_Task statement:_ Collect every line of the records below that contains the word "ΑΡΙΘΜΟΣ".

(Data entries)
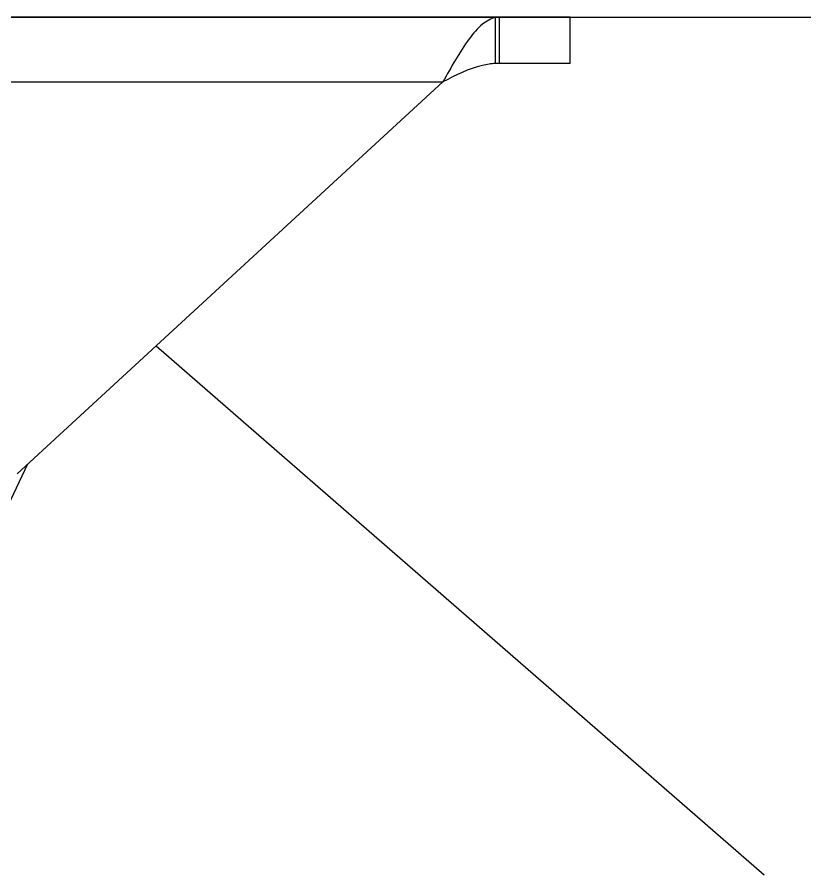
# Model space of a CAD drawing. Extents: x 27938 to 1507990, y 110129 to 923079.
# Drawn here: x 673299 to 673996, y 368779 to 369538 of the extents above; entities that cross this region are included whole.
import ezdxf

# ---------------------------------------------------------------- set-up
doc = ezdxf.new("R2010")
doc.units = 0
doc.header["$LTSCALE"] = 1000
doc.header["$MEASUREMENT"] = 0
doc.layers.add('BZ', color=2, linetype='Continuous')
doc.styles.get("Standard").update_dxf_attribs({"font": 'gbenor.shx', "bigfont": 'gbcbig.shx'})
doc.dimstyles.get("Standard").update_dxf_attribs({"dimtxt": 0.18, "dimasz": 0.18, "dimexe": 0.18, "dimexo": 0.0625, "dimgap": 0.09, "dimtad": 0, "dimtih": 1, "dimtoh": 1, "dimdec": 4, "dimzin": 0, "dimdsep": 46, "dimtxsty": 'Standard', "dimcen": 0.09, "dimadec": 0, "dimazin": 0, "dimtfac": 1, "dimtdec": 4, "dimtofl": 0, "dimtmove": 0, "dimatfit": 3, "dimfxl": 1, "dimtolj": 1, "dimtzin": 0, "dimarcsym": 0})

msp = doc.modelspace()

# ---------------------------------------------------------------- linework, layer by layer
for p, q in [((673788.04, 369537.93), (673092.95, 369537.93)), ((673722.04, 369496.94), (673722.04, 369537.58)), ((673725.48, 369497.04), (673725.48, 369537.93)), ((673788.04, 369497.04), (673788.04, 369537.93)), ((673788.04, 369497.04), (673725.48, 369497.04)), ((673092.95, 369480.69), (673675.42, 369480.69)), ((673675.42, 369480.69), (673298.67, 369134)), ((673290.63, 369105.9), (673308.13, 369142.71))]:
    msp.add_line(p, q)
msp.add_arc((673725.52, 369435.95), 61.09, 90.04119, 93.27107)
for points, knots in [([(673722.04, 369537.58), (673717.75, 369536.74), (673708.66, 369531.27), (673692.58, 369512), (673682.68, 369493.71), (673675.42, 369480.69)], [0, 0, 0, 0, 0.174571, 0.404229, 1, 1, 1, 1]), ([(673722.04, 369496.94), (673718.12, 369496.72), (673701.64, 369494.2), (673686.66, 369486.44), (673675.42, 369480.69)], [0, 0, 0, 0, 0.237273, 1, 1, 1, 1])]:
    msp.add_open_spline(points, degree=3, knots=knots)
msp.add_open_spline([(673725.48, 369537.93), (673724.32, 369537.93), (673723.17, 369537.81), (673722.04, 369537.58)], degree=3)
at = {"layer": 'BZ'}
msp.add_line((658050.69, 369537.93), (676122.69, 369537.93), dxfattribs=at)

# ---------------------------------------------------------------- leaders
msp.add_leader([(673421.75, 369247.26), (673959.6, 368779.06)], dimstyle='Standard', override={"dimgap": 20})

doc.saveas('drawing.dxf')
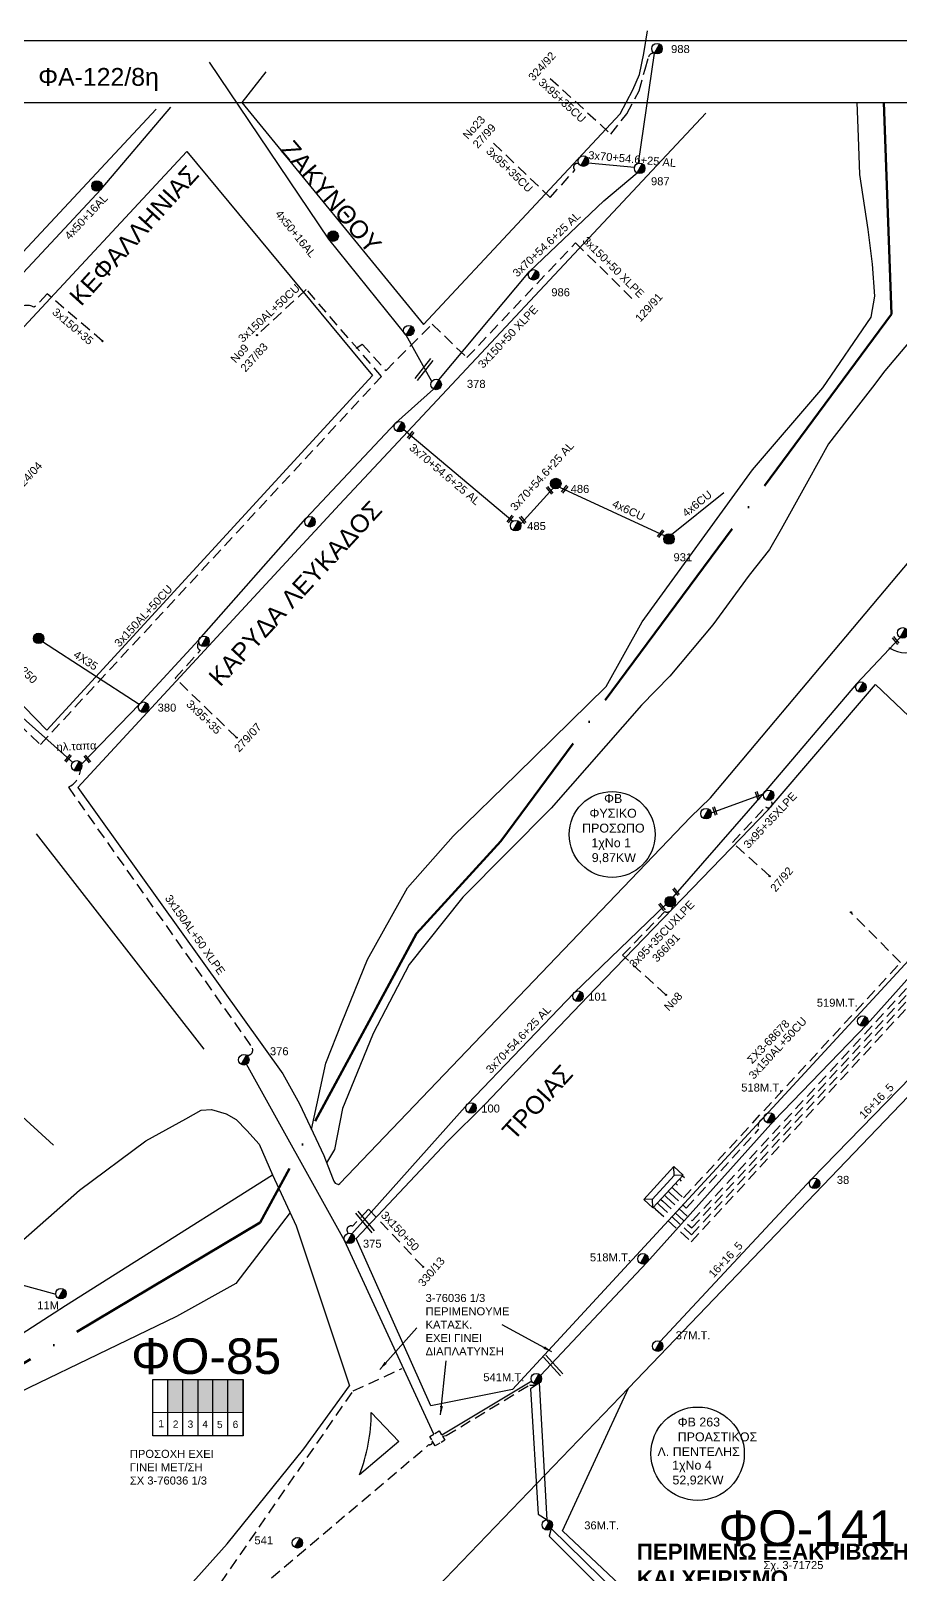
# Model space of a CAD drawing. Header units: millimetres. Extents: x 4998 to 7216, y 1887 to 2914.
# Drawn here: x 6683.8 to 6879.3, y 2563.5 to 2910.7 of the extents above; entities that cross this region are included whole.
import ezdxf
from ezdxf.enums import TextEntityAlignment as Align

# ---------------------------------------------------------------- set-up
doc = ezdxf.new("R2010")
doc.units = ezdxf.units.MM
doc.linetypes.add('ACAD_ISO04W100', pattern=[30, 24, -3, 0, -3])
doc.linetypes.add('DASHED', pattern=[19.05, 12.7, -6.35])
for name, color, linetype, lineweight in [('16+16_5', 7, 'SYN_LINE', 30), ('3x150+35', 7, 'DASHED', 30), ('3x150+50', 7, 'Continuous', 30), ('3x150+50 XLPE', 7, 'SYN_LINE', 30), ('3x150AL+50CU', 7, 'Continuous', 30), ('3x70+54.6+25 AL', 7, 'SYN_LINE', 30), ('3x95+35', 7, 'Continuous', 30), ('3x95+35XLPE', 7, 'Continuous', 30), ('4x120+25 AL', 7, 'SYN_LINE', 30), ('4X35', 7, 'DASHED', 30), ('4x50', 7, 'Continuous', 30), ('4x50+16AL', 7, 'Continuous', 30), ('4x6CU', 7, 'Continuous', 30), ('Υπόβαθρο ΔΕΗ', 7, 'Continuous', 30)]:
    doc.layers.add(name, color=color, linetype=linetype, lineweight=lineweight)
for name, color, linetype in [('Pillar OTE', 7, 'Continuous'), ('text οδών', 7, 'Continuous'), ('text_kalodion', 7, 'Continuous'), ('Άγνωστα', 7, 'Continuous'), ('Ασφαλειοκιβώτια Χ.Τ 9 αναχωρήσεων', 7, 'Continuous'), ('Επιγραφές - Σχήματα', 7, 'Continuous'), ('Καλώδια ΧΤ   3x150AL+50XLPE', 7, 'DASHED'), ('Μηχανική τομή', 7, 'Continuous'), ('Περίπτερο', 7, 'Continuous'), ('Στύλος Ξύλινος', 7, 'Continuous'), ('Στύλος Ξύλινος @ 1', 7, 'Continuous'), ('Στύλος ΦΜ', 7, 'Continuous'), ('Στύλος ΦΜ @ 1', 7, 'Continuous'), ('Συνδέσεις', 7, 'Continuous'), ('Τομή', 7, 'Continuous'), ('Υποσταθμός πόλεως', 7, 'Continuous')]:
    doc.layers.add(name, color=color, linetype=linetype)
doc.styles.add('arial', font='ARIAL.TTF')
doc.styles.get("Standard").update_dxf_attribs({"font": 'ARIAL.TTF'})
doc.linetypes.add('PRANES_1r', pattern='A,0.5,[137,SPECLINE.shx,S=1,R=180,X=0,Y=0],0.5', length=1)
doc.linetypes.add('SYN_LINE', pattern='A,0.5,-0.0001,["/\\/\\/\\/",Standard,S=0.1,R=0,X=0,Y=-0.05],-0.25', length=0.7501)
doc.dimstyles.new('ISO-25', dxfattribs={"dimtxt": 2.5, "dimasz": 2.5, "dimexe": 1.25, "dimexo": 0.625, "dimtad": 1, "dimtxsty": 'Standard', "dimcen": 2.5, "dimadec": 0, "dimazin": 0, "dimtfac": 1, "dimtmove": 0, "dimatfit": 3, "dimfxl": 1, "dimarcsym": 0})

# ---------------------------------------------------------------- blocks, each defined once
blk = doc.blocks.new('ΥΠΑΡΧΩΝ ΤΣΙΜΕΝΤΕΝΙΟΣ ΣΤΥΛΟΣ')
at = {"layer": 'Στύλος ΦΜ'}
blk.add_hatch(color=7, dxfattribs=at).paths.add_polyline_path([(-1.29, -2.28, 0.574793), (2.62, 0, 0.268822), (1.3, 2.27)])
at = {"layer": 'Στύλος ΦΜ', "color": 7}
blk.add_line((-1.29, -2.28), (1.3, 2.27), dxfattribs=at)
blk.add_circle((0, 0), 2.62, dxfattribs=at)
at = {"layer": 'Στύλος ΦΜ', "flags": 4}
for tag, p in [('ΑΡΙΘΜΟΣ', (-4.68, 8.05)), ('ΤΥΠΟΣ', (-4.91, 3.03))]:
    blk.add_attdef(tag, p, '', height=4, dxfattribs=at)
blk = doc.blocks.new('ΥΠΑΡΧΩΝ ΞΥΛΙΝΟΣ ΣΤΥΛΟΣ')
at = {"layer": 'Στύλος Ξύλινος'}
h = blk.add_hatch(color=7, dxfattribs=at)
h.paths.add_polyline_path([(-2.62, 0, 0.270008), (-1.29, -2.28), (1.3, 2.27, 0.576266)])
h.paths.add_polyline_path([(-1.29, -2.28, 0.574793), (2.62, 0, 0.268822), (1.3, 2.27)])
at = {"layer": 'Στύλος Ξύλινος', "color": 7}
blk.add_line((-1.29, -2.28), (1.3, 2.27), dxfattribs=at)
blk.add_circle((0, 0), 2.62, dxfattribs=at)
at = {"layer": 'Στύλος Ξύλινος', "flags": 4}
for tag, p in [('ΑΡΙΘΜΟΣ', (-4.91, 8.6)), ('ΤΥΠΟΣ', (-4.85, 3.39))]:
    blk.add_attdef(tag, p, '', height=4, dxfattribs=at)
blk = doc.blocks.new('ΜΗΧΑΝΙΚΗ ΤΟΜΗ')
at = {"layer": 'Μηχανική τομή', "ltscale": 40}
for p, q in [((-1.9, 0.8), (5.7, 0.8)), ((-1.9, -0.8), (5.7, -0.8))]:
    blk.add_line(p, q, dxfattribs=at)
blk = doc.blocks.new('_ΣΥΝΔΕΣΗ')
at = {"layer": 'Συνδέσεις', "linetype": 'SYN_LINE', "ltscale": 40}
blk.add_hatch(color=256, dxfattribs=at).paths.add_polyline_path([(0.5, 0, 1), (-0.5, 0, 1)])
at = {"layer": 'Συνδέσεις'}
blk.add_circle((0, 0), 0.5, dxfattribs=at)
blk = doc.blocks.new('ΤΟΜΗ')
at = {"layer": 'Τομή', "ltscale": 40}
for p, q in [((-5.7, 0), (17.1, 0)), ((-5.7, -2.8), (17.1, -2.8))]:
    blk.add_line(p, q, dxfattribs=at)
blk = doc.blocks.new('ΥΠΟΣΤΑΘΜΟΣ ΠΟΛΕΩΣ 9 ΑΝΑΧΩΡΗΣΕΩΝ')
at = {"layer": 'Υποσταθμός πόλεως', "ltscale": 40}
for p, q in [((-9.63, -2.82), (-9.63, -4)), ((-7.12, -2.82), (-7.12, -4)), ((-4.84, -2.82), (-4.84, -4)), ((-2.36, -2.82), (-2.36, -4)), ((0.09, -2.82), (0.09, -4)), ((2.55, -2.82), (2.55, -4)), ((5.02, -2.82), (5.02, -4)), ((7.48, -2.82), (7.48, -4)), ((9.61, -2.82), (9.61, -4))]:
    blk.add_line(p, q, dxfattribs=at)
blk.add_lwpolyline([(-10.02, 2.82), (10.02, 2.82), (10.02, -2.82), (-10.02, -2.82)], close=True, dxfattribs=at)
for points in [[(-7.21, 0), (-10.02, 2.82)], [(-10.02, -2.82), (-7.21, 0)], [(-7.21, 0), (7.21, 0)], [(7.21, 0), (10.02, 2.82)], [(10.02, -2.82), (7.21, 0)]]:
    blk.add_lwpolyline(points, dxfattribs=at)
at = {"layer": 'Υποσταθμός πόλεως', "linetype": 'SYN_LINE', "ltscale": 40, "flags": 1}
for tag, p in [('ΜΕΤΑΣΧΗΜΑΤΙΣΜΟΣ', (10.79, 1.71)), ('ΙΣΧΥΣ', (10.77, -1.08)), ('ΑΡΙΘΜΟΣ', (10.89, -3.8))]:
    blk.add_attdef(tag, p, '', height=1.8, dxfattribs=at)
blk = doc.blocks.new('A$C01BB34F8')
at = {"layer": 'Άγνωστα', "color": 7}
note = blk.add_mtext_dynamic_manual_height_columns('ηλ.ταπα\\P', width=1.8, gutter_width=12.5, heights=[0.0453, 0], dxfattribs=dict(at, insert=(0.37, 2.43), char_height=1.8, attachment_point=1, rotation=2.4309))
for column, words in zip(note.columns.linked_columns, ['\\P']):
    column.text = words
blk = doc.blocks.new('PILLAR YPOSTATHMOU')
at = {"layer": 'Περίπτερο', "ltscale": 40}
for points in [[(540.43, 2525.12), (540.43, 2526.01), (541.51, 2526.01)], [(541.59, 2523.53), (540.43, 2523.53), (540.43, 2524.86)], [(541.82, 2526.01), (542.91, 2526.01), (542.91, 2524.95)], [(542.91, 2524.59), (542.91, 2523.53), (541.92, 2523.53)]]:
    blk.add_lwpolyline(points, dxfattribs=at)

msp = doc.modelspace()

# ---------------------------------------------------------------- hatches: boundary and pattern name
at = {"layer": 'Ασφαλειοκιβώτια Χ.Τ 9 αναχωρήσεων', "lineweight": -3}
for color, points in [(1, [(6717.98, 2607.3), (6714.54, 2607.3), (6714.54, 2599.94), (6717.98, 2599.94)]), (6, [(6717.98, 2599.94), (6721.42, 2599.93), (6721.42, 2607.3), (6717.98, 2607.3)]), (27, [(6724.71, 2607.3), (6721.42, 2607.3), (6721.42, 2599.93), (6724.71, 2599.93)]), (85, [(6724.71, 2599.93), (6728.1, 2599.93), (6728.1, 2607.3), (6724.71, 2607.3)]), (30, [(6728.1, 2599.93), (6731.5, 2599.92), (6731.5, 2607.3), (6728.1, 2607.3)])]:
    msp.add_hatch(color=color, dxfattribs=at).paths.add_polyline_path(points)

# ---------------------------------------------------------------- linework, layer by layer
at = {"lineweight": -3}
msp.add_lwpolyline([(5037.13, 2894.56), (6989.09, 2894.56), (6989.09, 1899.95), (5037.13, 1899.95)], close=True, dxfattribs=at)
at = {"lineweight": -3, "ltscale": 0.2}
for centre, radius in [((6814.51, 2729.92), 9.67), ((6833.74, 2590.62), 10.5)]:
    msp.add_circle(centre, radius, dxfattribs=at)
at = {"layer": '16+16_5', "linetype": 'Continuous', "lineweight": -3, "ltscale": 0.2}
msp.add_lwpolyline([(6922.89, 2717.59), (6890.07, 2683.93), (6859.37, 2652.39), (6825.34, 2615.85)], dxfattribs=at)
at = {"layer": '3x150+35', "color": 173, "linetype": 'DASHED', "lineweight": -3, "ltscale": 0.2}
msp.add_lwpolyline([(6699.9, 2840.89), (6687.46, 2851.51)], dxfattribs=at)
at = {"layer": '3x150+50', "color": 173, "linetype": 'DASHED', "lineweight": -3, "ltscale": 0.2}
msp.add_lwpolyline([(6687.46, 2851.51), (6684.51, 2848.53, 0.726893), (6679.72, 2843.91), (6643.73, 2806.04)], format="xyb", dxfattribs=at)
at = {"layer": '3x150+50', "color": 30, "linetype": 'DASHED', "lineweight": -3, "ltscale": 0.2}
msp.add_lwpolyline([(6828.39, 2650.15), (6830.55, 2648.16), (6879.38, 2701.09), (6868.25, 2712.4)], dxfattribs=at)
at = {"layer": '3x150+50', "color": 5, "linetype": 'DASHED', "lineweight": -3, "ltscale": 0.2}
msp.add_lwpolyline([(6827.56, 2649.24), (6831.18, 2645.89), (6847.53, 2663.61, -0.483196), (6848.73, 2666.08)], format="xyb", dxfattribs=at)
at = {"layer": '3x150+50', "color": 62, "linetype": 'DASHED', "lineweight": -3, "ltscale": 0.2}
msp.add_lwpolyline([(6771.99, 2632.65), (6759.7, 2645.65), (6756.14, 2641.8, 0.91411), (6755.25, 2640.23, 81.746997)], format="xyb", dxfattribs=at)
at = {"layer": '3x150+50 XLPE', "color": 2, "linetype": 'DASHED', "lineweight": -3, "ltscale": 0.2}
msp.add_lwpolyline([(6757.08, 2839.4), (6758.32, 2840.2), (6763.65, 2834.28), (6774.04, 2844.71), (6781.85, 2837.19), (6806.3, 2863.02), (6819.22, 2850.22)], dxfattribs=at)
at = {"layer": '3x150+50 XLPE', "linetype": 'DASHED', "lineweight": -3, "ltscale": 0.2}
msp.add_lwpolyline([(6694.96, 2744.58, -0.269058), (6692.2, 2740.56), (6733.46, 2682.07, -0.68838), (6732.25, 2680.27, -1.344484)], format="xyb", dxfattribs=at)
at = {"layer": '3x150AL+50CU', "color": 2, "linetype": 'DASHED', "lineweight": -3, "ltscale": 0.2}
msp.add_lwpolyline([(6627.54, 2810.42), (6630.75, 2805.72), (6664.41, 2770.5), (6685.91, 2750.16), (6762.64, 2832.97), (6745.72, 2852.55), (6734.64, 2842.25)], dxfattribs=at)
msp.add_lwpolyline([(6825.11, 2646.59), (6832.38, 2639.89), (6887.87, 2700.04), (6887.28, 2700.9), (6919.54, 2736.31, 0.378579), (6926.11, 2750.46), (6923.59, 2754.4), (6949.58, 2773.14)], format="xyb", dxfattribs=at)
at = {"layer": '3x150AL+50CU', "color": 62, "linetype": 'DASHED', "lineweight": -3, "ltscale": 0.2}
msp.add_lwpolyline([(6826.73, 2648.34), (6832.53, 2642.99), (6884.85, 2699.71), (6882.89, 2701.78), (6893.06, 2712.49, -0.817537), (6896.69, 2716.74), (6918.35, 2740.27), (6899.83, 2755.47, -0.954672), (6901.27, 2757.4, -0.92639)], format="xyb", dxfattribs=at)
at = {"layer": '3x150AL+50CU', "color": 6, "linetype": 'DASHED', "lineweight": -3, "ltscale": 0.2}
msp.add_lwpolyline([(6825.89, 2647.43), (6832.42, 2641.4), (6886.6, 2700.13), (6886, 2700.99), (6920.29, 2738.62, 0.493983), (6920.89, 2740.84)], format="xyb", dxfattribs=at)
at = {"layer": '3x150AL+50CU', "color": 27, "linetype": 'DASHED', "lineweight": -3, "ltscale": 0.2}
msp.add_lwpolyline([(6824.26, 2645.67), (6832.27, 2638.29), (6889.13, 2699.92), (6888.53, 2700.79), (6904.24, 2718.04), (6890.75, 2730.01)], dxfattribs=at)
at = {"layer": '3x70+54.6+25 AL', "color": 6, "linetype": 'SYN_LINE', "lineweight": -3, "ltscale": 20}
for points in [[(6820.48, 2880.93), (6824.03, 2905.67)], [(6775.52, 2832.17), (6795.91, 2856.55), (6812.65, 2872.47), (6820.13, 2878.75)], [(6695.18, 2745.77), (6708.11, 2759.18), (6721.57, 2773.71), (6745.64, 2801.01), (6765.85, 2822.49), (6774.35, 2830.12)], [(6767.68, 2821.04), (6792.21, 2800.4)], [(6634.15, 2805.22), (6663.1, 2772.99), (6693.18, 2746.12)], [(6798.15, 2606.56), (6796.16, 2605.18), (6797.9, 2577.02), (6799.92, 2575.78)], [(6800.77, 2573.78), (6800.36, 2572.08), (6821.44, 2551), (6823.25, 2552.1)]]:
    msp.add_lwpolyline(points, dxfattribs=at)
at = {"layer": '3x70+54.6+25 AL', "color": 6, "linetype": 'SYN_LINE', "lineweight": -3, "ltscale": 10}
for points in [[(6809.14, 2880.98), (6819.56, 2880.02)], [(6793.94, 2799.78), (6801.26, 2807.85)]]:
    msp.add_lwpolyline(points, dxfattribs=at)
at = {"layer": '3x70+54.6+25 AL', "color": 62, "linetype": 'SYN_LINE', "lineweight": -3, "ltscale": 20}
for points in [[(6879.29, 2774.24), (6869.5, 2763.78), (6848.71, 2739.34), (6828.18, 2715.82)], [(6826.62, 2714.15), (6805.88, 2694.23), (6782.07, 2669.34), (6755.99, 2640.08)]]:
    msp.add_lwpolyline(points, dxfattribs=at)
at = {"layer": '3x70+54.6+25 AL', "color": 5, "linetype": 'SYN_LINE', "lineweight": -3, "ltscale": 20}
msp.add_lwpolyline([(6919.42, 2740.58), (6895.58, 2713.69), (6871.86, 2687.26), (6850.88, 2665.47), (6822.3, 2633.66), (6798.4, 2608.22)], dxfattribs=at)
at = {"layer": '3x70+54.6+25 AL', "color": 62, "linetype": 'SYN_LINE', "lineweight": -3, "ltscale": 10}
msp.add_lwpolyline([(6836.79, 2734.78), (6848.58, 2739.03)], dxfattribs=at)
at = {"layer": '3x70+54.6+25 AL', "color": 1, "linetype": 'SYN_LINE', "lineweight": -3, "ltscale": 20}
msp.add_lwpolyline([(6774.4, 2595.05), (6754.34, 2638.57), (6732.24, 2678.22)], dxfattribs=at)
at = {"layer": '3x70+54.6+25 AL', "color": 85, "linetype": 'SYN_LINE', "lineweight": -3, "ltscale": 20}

_Answer for this exercise:_
for tag, p in [('ΑΡΙΘΜΟΣ', (-4.68, 8.05)), ('ΤΥΠΟΣ', (-4.91, 3.03))]:
for tag, p in [('ΑΡΙΘΜΟΣ', (-4.91, 8.6)), ('ΤΥΠΟΣ', (-4.85, 3.39))]:
for tag, p in [('ΜΕΤΑΣΧΗΜΑΤΙΣΜΟΣ', (10.79, 1.71)), ('ΙΣΧΥΣ', (10.77, -1.08)), ('ΑΡΙΘΜΟΣ', (10.89, -3.8))]:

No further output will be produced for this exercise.